Stored entries:
Start of Block
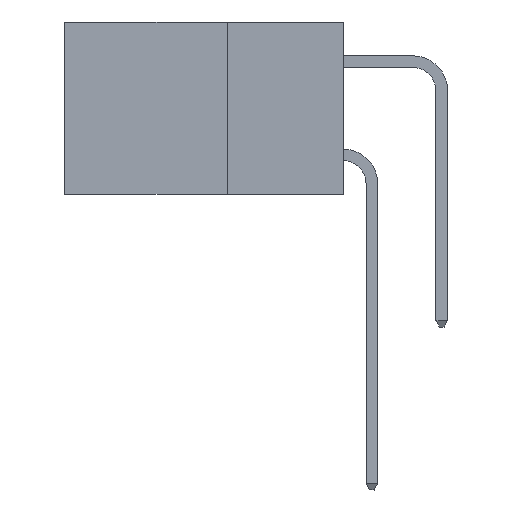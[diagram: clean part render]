
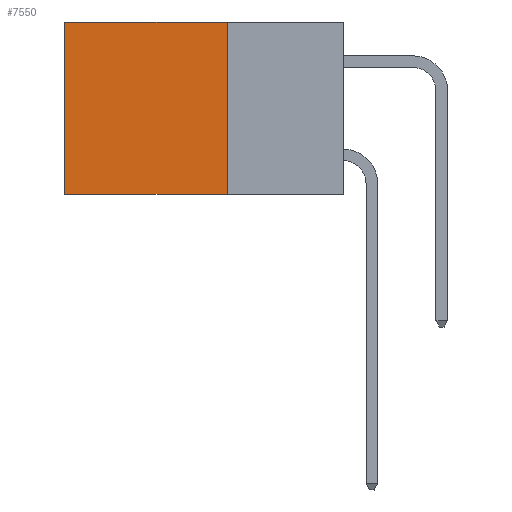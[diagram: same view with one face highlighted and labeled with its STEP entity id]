
A CAD part, left-side view. The second image highlights one B-rep face of the part: STEP entity #7550.
In plain terms, the highlighted planar face has unit normal (-1, 0, 0).
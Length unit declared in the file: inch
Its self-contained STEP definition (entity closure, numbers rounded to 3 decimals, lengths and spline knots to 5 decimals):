
#755 = EDGE_CURVE ( 'NONE', #4655, #9970, #1137, .T. ) ;
#786 = LINE ( 'NONE', #2072, #6805 ) ;
#1137 = LINE ( 'NONE', #5808, #8336 ) ;
#1407 = LINE ( 'NONE', #9056, #4964 ) ;
#1734 = ORIENTED_EDGE ( 'NONE', *, *, #2614, .F. ) ;
#2023 = ORIENTED_EDGE ( 'NONE', *, *, #755, .F. ) ;
#2072 = CARTESIAN_POINT ( 'NONE',  ( 0.298, 0.25, 0. ) ) ;
#2397 = CARTESIAN_POINT ( 'NONE',  ( 0.298, 0.6, 0. ) ) ;
#2614 = EDGE_CURVE ( 'NONE', #3105, #4655, #1407, .T. ) ;
#2634 = CARTESIAN_POINT ( 'NONE',  ( 0.298, 0.25, -0.37 ) ) ;
#3001 = EDGE_CURVE ( 'NONE', #3105, #6754, #786, .T. ) ;
#3105 = VERTEX_POINT ( 'NONE', #9912 ) ;
#4205 = DIRECTION ( 'NONE',  ( 1., 0., 0. ) ) ;
#4655 = VERTEX_POINT ( 'NONE', #2634 ) ;
#4964 = VECTOR ( 'NONE', #6845, 39.37008 ) ;
#5808 = CARTESIAN_POINT ( 'NONE',  ( 0.298, 0.25, -0.37 ) ) ;
#6107 = DIRECTION ( 'NONE',  ( 0., 0., -1. ) ) ;
#6200 = LINE ( 'NONE', #2397, #10089 ) ;
#6418 = ORIENTED_EDGE ( 'NONE', *, *, #9466, .T. ) ;
#6754 = VERTEX_POINT ( 'NONE', #9164 ) ;
#6805 = VECTOR ( 'NONE', #10624, 39.37008 ) ;
#6845 = DIRECTION ( 'NONE',  ( 0., 0., -1. ) ) ;
#7261 = AXIS2_PLACEMENT_3D ( 'NONE', #8010, #4205, #6107 ) ;
#7507 = CARTESIAN_POINT ( 'NONE',  ( 0.298, 0.6, -0.37 ) ) ;
#7550 = ADVANCED_FACE ( 'NONE', ( #10927 ), #11874, .F. ) ;
#7838 = EDGE_LOOP ( 'NONE', ( #6418, #2023, #1734, #11375 ) ) ;
#8010 = CARTESIAN_POINT ( 'NONE',  ( 0.298, 0.25, 0. ) ) ;
#8203 = DIRECTION ( 'NONE',  ( 0., 0., -1. ) ) ;
#8336 = VECTOR ( 'NONE', #10673, 39.37008 ) ;
#9056 = CARTESIAN_POINT ( 'NONE',  ( 0.298, 0.25, 0. ) ) ;
#9164 = CARTESIAN_POINT ( 'NONE',  ( 0.298, 0.6, 0. ) ) ;
#9466 = EDGE_CURVE ( 'NONE', #6754, #9970, #6200, .T. ) ;
#9912 = CARTESIAN_POINT ( 'NONE',  ( 0.298, 0.25, 0. ) ) ;
#9970 = VERTEX_POINT ( 'NONE', #7507 ) ;
#10089 = VECTOR ( 'NONE', #8203, 39.37008 ) ;
#10624 = DIRECTION ( 'NONE',  ( 0., 1., 0. ) ) ;
#10673 = DIRECTION ( 'NONE',  ( 0., 1., 0. ) ) ;
#10927 = FACE_OUTER_BOUND ( 'NONE', #7838, .T. ) ;
#11375 = ORIENTED_EDGE ( 'NONE', *, *, #3001, .T. ) ;
#11874 = PLANE ( 'NONE',  #7261 ) ;
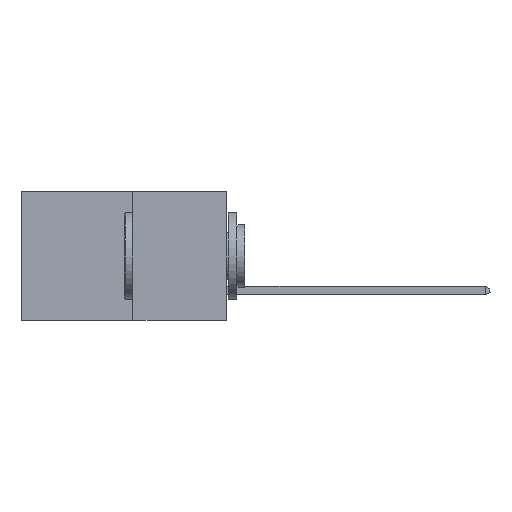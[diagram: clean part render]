
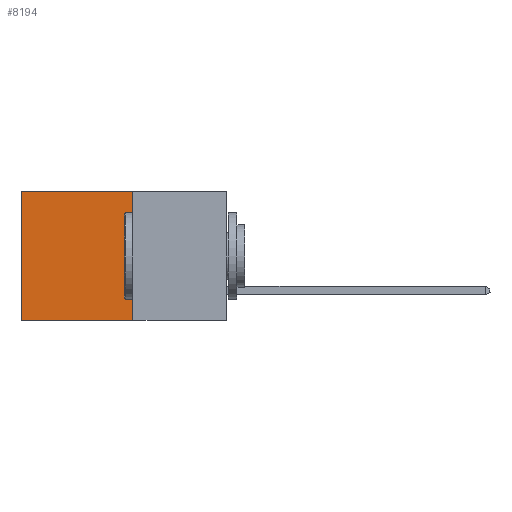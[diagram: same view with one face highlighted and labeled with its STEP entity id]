
A CAD part, left-side view. The second image highlights one B-rep face of the part: STEP entity #8194.
In plain terms, the highlighted planar face has unit normal (-1, 0, 0).
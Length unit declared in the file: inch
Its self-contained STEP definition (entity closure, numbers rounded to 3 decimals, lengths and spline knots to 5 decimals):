
#153 = EDGE_CURVE ( 'NONE', #5851, #3852, #4291, .T. ) ;
#607 = CARTESIAN_POINT ( 'NONE',  ( 0.277, 0.59, -0.37 ) ) ;
#2914 = VECTOR ( 'NONE', #19471, 39.37008 ) ;
#2989 = DIRECTION ( 'NONE',  ( 0., 1., 0. ) ) ;
#3706 = VERTEX_POINT ( 'NONE', #11318 ) ;
#3852 = VERTEX_POINT ( 'NONE', #6740 ) ;
#4291 = LINE ( 'NONE', #5432, #12010 ) ;
#4525 = CARTESIAN_POINT ( 'NONE',  ( 0.277, 0.27, -0.37 ) ) ;
#5091 = EDGE_CURVE ( 'NONE', #14858, #3706, #19568, .T. ) ;
#5384 = VECTOR ( 'NONE', #2989, 39.37008 ) ;
#5432 = CARTESIAN_POINT ( 'NONE',  ( 0.277, 0.27, -0.37 ) ) ;
#5851 = VERTEX_POINT ( 'NONE', #17967 ) ;
#6740 = CARTESIAN_POINT ( 'NONE',  ( 0.277, 0.27, -0.37 ) ) ;
#7022 = DIRECTION ( 'NONE',  ( 1., 0., 0. ) ) ;
#8194 = ADVANCED_FACE ( 'NONE', ( #11747 ), #11617, .F. ) ;
#8486 = ORIENTED_EDGE ( 'NONE', *, *, #5091, .T. ) ;
#8607 = ORIENTED_EDGE ( 'NONE', *, *, #17469, .F. ) ;
#8626 = ORIENTED_EDGE ( 'NONE', *, *, #153, .F. ) ;
#8695 = ORIENTED_EDGE ( 'NONE', *, *, #16392, .T. ) ;
#9322 = VECTOR ( 'NONE', #12325, 39.37008 ) ;
#10375 = DIRECTION ( 'NONE',  ( 0., 0., -1. ) ) ;
#11318 = CARTESIAN_POINT ( 'NONE',  ( 0.277, 0.59, -0.37 ) ) ;
#11546 = CARTESIAN_POINT ( 'NONE',  ( 0.277, 0.59, 0. ) ) ;
#11617 = PLANE ( 'NONE',  #13843 ) ;
#11747 = FACE_OUTER_BOUND ( 'NONE', #15227, .T. ) ;
#12010 = VECTOR ( 'NONE', #10375, 39.37008 ) ;
#12325 = DIRECTION ( 'NONE',  ( 0., 1., 0. ) ) ;
#13161 = CARTESIAN_POINT ( 'NONE',  ( 0.277, 0.27, -0.37 ) ) ;
#13841 = CARTESIAN_POINT ( 'NONE',  ( 0.277, 0.27, 0. ) ) ;
#13843 = AXIS2_PLACEMENT_3D ( 'NONE', #13161, #7022, #17709 ) ;
#14858 = VERTEX_POINT ( 'NONE', #11546 ) ;
#15227 = EDGE_LOOP ( 'NONE', ( #8486, #8607, #8626, #8695 ) ) ;
#16392 = EDGE_CURVE ( 'NONE', #5851, #14858, #17433, .T. ) ;
#17433 = LINE ( 'NONE', #13841, #9322 ) ;
#17469 = EDGE_CURVE ( 'NONE', #3852, #3706, #17557, .T. ) ;
#17557 = LINE ( 'NONE', #4525, #5384 ) ;
#17709 = DIRECTION ( 'NONE',  ( 0., 0., -1. ) ) ;
#17967 = CARTESIAN_POINT ( 'NONE',  ( 0.277, 0.27, 0. ) ) ;
#19471 = DIRECTION ( 'NONE',  ( 0., 0., -1. ) ) ;
#19568 = LINE ( 'NONE', #607, #2914 ) ;
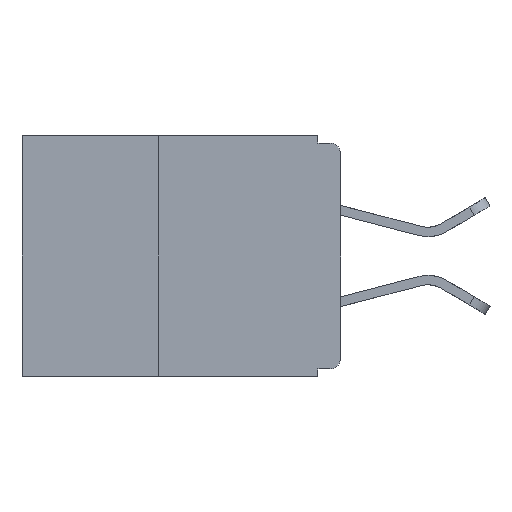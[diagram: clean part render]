
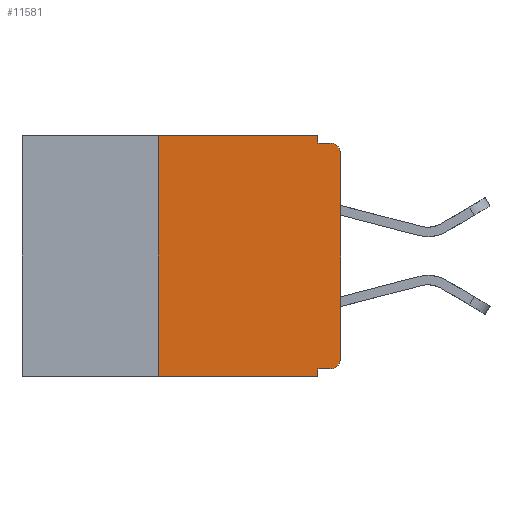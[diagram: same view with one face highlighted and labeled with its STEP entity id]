
A CAD part, left-side view. The second image highlights one B-rep face of the part: STEP entity #11581.
In plain terms, the highlighted planar face has unit normal (-1, 0, 0).
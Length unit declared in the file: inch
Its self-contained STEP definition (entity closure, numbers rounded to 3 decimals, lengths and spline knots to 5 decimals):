
#114 = VECTOR ( 'NONE', #8016, 39.37008 ) ;
#282 = CARTESIAN_POINT ( 'NONE',  ( 0., 0.031, -0.32 ) ) ;
#526 = VECTOR ( 'NONE', #13456, 39.37008 ) ;
#636 = DIRECTION ( 'NONE',  ( 0., 0., -1. ) ) ;
#930 = CARTESIAN_POINT ( 'NONE',  ( 0., 0., -0.305 ) ) ;
#1010 = LINE ( 'NONE', #7177, #3600 ) ;
#1172 = CARTESIAN_POINT ( 'NONE',  ( 0., 0., -0.025 ) ) ;
#1237 = VECTOR ( 'NONE', #636, 39.37008 ) ;
#1614 = EDGE_LOOP ( 'NONE', ( #5740, #10361, #10497, #10535, #10640, #10707, #11094, #11676, #12525, #10081 ) ) ;
#1617 = CARTESIAN_POINT ( 'NONE',  ( 0., 0., 0. ) ) ;
#1760 = CARTESIAN_POINT ( 'NONE',  ( 0., 0.437, 0. ) ) ;
#2501 = DIRECTION ( 'NONE',  ( 0., 0., 1. ) ) ;
#2575 = FACE_OUTER_BOUND ( 'NONE', #1614, .T. ) ;
#2754 = VECTOR ( 'NONE', #9476, 39.37008 ) ;
#3062 = VERTEX_POINT ( 'NONE', #282 ) ;
#3443 = EDGE_CURVE ( 'NONE', #13191, #3515, #1010, .T. ) ;
#3515 = VERTEX_POINT ( 'NONE', #10957 ) ;
#3600 = VECTOR ( 'NONE', #12362, 39.37008 ) ;
#3937 = DIRECTION ( 'NONE',  ( 0., 1., 0. ) ) ;
#4337 = EDGE_CURVE ( 'NONE', #9595, #8595, #7356, .T. ) ;
#4353 = CARTESIAN_POINT ( 'NONE',  ( 0., 0.25, -0.33 ) ) ;
#4550 = DIRECTION ( 'NONE',  ( -1., 0., 0. ) ) ;
#4604 = DIRECTION ( 'NONE',  ( 0., 0., -1. ) ) ;
#4605 = CARTESIAN_POINT ( 'NONE',  ( 0., 0.015, -0.305 ) ) ;
#4621 = DIRECTION ( 'NONE',  ( -1., 0., 0. ) ) ;
#4646 = CARTESIAN_POINT ( 'NONE',  ( 0., 0.015, -0.32 ) ) ;
#4662 = VECTOR ( 'NONE', #3937, 39.37008 ) ;
#5484 = VERTEX_POINT ( 'NONE', #4646 ) ;
#5740 = ORIENTED_EDGE ( 'NONE', *, *, #4337, .T. ) ;
#5840 = CARTESIAN_POINT ( 'NONE',  ( 0., 0.25, 0. ) ) ;
#5901 = LINE ( 'NONE', #7456, #114 ) ;
#6013 = CARTESIAN_POINT ( 'NONE',  ( 0., 0., -0.32 ) ) ;
#6315 = CARTESIAN_POINT ( 'NONE',  ( 0., 0.437, -0.33 ) ) ;
#6335 = EDGE_CURVE ( 'NONE', #9659, #11745, #5901, .T. ) ;
#6957 = LINE ( 'NONE', #13452, #1237 ) ;
#7032 = VECTOR ( 'NONE', #2501, 39.37008 ) ;
#7038 = VERTEX_POINT ( 'NONE', #11824 ) ;
#7156 = DIRECTION ( 'NONE',  ( 0., 0., -1. ) ) ;
#7177 = CARTESIAN_POINT ( 'NONE',  ( 0., 0., -0.01 ) ) ;
#7356 = LINE ( 'NONE', #1617, #7032 ) ;
#7381 = CARTESIAN_POINT ( 'NONE',  ( 0., 0.031, 0. ) ) ;
#7417 = LINE ( 'NONE', #6013, #4662 ) ;
#7456 = CARTESIAN_POINT ( 'NONE',  ( 0., 0.437, 0. ) ) ;
#8016 = DIRECTION ( 'NONE',  ( 0., -1., 0. ) ) ;
#8135 = DIRECTION ( 'NONE',  ( 0., 0., -1. ) ) ;
#8595 = VERTEX_POINT ( 'NONE', #1172 ) ;
#9180 = EDGE_CURVE ( 'NONE', #5484, #9595, #11877, .T. ) ;
#9362 = EDGE_CURVE ( 'NONE', #11745, #13191, #6957, .T. ) ;
#9476 = DIRECTION ( 'NONE',  ( 0., 0., 1. ) ) ;
#9595 = VERTEX_POINT ( 'NONE', #930 ) ;
#9659 = VERTEX_POINT ( 'NONE', #5840 ) ;
#10081 = ORIENTED_EDGE ( 'NONE', *, *, #9180, .T. ) ;
#10099 = LINE ( 'NONE', #12151, #12485 ) ;
#10165 = PLANE ( 'NONE',  #11507 ) ;
#10361 = ORIENTED_EDGE ( 'NONE', *, *, #13379, .T. ) ;
#10497 = ORIENTED_EDGE ( 'NONE', *, *, #3443, .F. ) ;
#10535 = ORIENTED_EDGE ( 'NONE', *, *, #9362, .F. ) ;
#10570 = EDGE_CURVE ( 'NONE', #12159, #7038, #11385, .T. ) ;
#10640 = ORIENTED_EDGE ( 'NONE', *, *, #6335, .F. ) ;
#10648 = EDGE_CURVE ( 'NONE', #12159, #9659, #13131, .T. ) ;
#10689 = CARTESIAN_POINT ( 'NONE',  ( 0., 0.015, -0.025 ) ) ;
#10707 = ORIENTED_EDGE ( 'NONE', *, *, #10648, .F. ) ;
#10957 = CARTESIAN_POINT ( 'NONE',  ( 0., 0.015, -0.01 ) ) ;
#11094 = ORIENTED_EDGE ( 'NONE', *, *, #10570, .T. ) ;
#11385 = LINE ( 'NONE', #6315, #526 ) ;
#11507 = AXIS2_PLACEMENT_3D ( 'NONE', #1760, #13234, #7156 ) ;
#11581 = ADVANCED_FACE ( 'NONE', ( #2575 ), #10165, .F. ) ;
#11676 = ORIENTED_EDGE ( 'NONE', *, *, #12533, .F. ) ;
#11701 = DIRECTION ( 'NONE',  ( 0., 0., -1. ) ) ;
#11745 = VERTEX_POINT ( 'NONE', #7381 ) ;
#11824 = CARTESIAN_POINT ( 'NONE',  ( 0., 0.031, -0.33 ) ) ;
#11877 = CIRCLE ( 'NONE', #12406, 0.015 ) ;
#12151 = CARTESIAN_POINT ( 'NONE',  ( 0., 0.031, -0.33 ) ) ;
#12159 = VERTEX_POINT ( 'NONE', #13179 ) ;
#12362 = DIRECTION ( 'NONE',  ( 0., -1., 0. ) ) ;
#12406 = AXIS2_PLACEMENT_3D ( 'NONE', #4605, #4621, #4604 ) ;
#12485 = VECTOR ( 'NONE', #8135, 39.37008 ) ;
#12514 = EDGE_CURVE ( 'NONE', #5484, #3062, #7417, .T. ) ;
#12525 = ORIENTED_EDGE ( 'NONE', *, *, #12514, .F. ) ;
#12533 = EDGE_CURVE ( 'NONE', #3062, #7038, #10099, .T. ) ;
#12787 = CIRCLE ( 'NONE', #13401, 0.015 ) ;
#13131 = LINE ( 'NONE', #4353, #2754 ) ;
#13179 = CARTESIAN_POINT ( 'NONE',  ( 0., 0.25, -0.33 ) ) ;
#13191 = VERTEX_POINT ( 'NONE', #13415 ) ;
#13234 = DIRECTION ( 'NONE',  ( 1., 0., 0. ) ) ;
#13379 = EDGE_CURVE ( 'NONE', #8595, #3515, #12787, .T. ) ;
#13401 = AXIS2_PLACEMENT_3D ( 'NONE', #10689, #4550, #11701 ) ;
#13415 = CARTESIAN_POINT ( 'NONE',  ( 0., 0.031, -0.01 ) ) ;
#13452 = CARTESIAN_POINT ( 'NONE',  ( 0., 0.031, 0. ) ) ;
#13456 = DIRECTION ( 'NONE',  ( 0., -1., 0. ) ) ;
End of Block
* DIRECTIONS
Return only the lines between the one holding "#8486 = ORIENTED_EDGE" and the one holding "#9322 = VECTOR ( 'NONE', #12325, 39.37008 ) ;", inclusive, exactly as they appear above.

* ANSWER TO THE PROBLEM
#8486 = ORIENTED_EDGE ( 'NONE', *, *, #5091, .T. ) ;
#8607 = ORIENTED_EDGE ( 'NONE', *, *, #17469, .F. ) ;
#8626 = ORIENTED_EDGE ( 'NONE', *, *, #153, .F. ) ;
#8695 = ORIENTED_EDGE ( 'NONE', *, *, #16392, .T. ) ;
#9322 = VECTOR ( 'NONE', #12325, 39.37008 ) ;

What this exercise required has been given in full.